» **Exercise details**: Using the listing below, say how many of its lines hold "circle". Offer nothing beyond the number.

» **Records to process**:
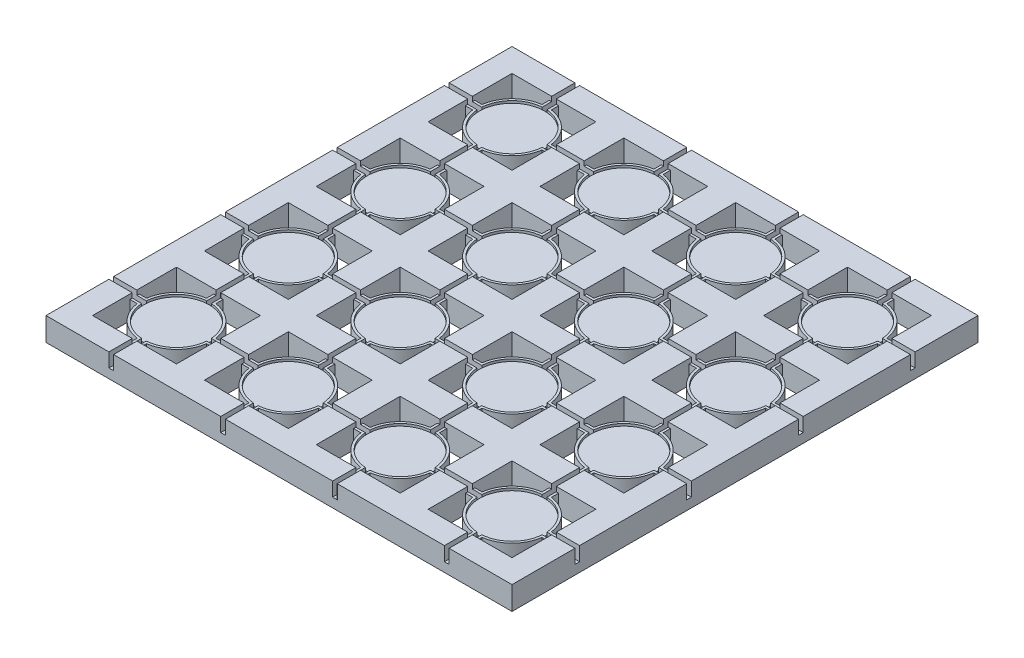
SolidWorks part; units mm, degrees
ref_plane "Front Plane" through (0, 0, 0) normal (0, 0, 1) x (1, 0, 0)
ref_plane "Top Plane" through (0, 0, 0) normal (0, 1, 0) x (1, 0, 0)
ref_plane "Right Plane" through (0, 0, 0) normal (1, 0, 0) x (0, 0, -1)
sketch "Sketch1" plane through (0, 0, 0) normal (0, 1, 0) x (1, 0, 0)
  line L6 (-100, -100) -> (100, -100)
  line L11 (-100, -100) -> (-100, 100)
  line L12 (-100, 100) -> (100, 100)
  line L76 (100, -100) -> (100, 100)
  line L77 (-100, -100) -> (100, 100) construction
  line L78 (-100, 100) -> (100, -100) construction
  point P0 (0, 0)
  dimension "D1" = 200
extrude "Boss-Extrude1" add sketch "Sketch1" along normal blind 10
sketch "Sketch2" plane through (0, 10, 0) normal (0, 1, 0) x (1, 0, 0)
  line L0 (-100, 100) -> (100, -100) construction
  line L1 (-100, 100) -> (-100, -100) construction
  line L2 (-90, 54) -> (-54, 54)
  line L3 (-90, 54) -> (-90, 90)
  line L4 (-90, 90) -> (-54, 90)
  line L5 (-54, 54) -> (-54, 90)
  line L6 (-90, 54) -> (-54, 90) construction
  line L7 (-90, 90) -> (-54, 54) construction
  line L8 (-57, 72) -> (-54, 72) construction
  line L9 (-57.1339, 70) -> (-54, 70)
  line L10 (-57.1339, 74) -> (-54, 74)
  line L11 (-57, 74) -> (-54, 74) construction
  line L12 (-57, 70) -> (-54, 70) construction
  line L13 (-70, 57.1339) -> (-70, 54)
  line L14 (-74, 57.1339) -> (-74, 54)
  line L15 (-86.8661, 70) -> (-90, 70)
  line L16 (-86.8661, 74) -> (-90, 74)
  line L17 (-74, 86.8661) -> (-74, 90)
  line L18 (-70, 86.8661) -> (-70, 90)
  arc A0 (-74, 86.8661) -> (-86.8661, 74) centre (-72, 72) ccw
  arc A1 (-86.8661, 70) -> (-74, 57.1339) centre (-72, 72) ccw
  arc A2 (-70, 57.1339) -> (-57.1339, 70) centre (-72, 72) ccw
  arc A3 (-57.1339, 74) -> (-70, 86.8661) centre (-72, 72) ccw
  point P4 (-72, 72)
  dimension "D3" = 30
  dimension "D1" = 36
  dimension "D2" = 10
  dimension "D4" = 2
  dimension "D5" = 2
  dimension "D6" = 4
extrude "Cut-Extrude2" cut sketch "Sketch2" against normal through all contours A3 L10 L5 L4 L18 | A2 L13 L2 L5 L9 | A1 L15 L3 L2 L14 | A0 L17 L4 L3 L16
sketch "Sketch3" plane through (0, 10, 0) normal (0, 1, 0) x (1, 0, 0)
  line L1 (-90, 90) -> (-54, 90)
  line L2 (-90, 90) -> (-90, 54)
  line L3 (-90, 54) -> (-54, 54)
  line L4 (-54, 90) -> (-54, 54)
extrude "Cut-Extrude3" cut sketch "Sketch3" against normal blind 2
sketch "Sketch4" plane through (0, 8, 0) normal (0, 1, 0) x (1, 0, 0)
  circle A0 centre (-72, 72) radius 14
  dimension "D1" = 28
extrude "Cut-Extrude4" cut sketch "Sketch4" against normal blind 1
sketch "Sketch5" plane through (0, 10, 0) normal (0, 1, 0) x (1, 0, 0)
  line L0 (-100, 72) -> (-86, 72) construction
  line L1 (-100, 100) -> (-100, -100) construction
  line L2 (-72, 100) -> (-72, 86) construction
  line L3 (100, 100) -> (-100, 100) construction
  line L5 (-90, 90) -> (-54, 90) construction
  line L7 (-90, 74) -> (-90, 70) construction
  line L8 (-73, 100) -> (-73, 85.9642)
  line L9 (-100, 71) -> (-85.9642, 71)
  line L10 (-71, 100) -> (-71, 85.9642)
  line L11 (-100, 73) -> (-85.9642, 73)
  line L12 (-73, 100) -> (-71, 100)
  line L14 (-100, 71) -> (-100, 73)
  line L16 (-58.0358, 73) -> (-44, 73)
  line L17 (-100, 73) -> (100, 73) construction
  line L18 (-58, 72) -> (-44, 72) construction
  line L19 (-100, 72) -> (100, 72) construction
  line L20 (-58.0358, 71) -> (-44, 71)
  line L21 (-100, 71) -> (100, 71) construction
  line L22 (-71, 58.0358) -> (-71, 44)
  line L23 (-71, 100) -> (-71, -100) construction
  line L24 (-72, 58) -> (-72, 44) construction
  line L25 (-72, 100) -> (-72, -100) construction
  line L26 (-73, 58.0358) -> (-73, 44)
  line L27 (-73, 100) -> (-73, -100) construction
  line L28 (-54, 54) -> (-54, 90) construction
  line L29 (-73, 100) -> (-71, 100)
  line L32 (-100, 73) -> (-100, 71)
  line L33 (-73, 44) -> (-71, 44)
  line L34 (-44, 73) -> (-44, 71)
  line L35 (-90, 54) -> (-54, 54) construction
  circle A0 centre (-72, 72) radius 14 construction
  arc A1 (-71, 85.9642) -> (-73, 85.9642) centre (-72, 72) ccw
  arc A2 (-85.9642, 73) -> (-85.9642, 71) centre (-72, 72) ccw
  arc A3 (-58.0358, 71) -> (-58.0358, 73) centre (-72, 72) ccw
  arc A4 (-73, 58.0358) -> (-71, 58.0358) centre (-72, 72) ccw
  point P9 (-72, 90)
  point P17 (-90, 72)
  line M4 (100, 100) -> (-100, 100)
  line M5 (-100, 100) -> (-100, -100)
  line M7 (-54, 54) -> (-90, 54)
  line M8 (-90, 54) -> (-90, 90)
  line M9 (-90, 90) -> (-54, 90)
  line M10 (-54, 90) -> (-54, 54)
  dimension "D1" = 0
  dimension "D2" = 1
  dimension "D4" = 10
  dimension "D5" = 10
  dimension "D3" = 1
extrude "Cut-Extrude5" cut sketch "Sketch5" against normal blind 6 contours L26 L33 L22 M7 | A4 L26 L22 M7 | L34 L16 L20 M10 | A3 L20 L16 M10 | A1 L10 L8 M9 | L10 L8 M4 M9 | L11 L9 M5 M8 | A2 L11 L9 M8
pattern_linear "LPattern2" count 4 spacing 48 along (1, 0, 0) count 4 spacing 48 along (0, 0, 1) of "Cut-Extrude2", "Cut-Extrude3", "Cut-Extrude4", "Cut-Extrude5"
sketch "Sketch6" plane through (0, 0, 0) normal (0, -1, 0) x (1, 0, 0)
  line L1 (-90, 90) -> (-54, 90)
  line L2 (-90, 90) -> (-90, 54)
  line L3 (-90, 54) -> (-54, 54)
  line L4 (-54, 90) -> (-54, 54)
extrude "Cut-Extrude6" cut sketch "Sketch6" against normal blind 2
pattern_linear "LPattern3" count 4 spacing 48 along (0, 0, -1) count 4 spacing 48 along (1, 0, 0) of "Cut-Extrude6"
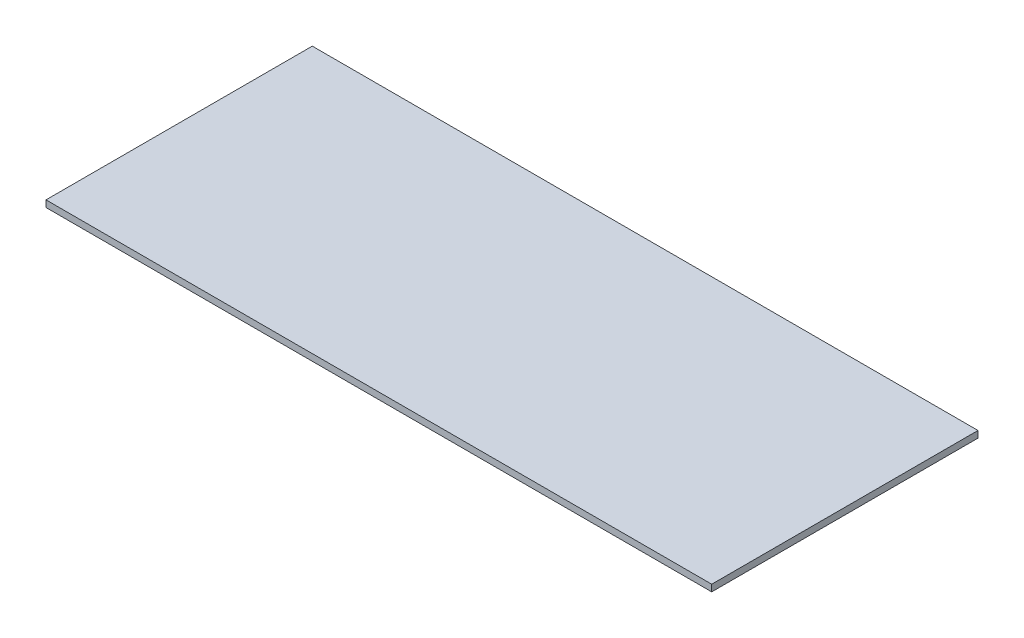
SolidWorks part; units mm, degrees
ref_plane "Front Plane" through (0, 0, 0) normal (0, 0, 1) x (1, 0, 0)
ref_plane "Top Plane" through (0, 0, 0) normal (0, 1, 0) x (1, 0, 0)
ref_plane "Right Plane" through (0, 0, 0) normal (1, 0, 0) x (0, 0, -1)
sketch "Sketch1" plane through (0, 0, 0) normal (0, 1, 0) x (1, 0, 0)
  line L1 (-250, -100) -> (250, -100)
  line L2 (-250, -100) -> (-250, 100)
  line L3 (-250, 100) -> (250, 100)
  line L4 (250, -100) -> (250, 100)
  line L5 (-250, -100) -> (250, 100) construction
  line L6 (-250, 100) -> (250, -100) construction
  point P0 (0, 0)
  dimension "D1" = 200
  dimension "D2" = 500
extrude "Boss-Extrude1" add sketch "Sketch1" along normal blind 5

» **Result of the task**: 2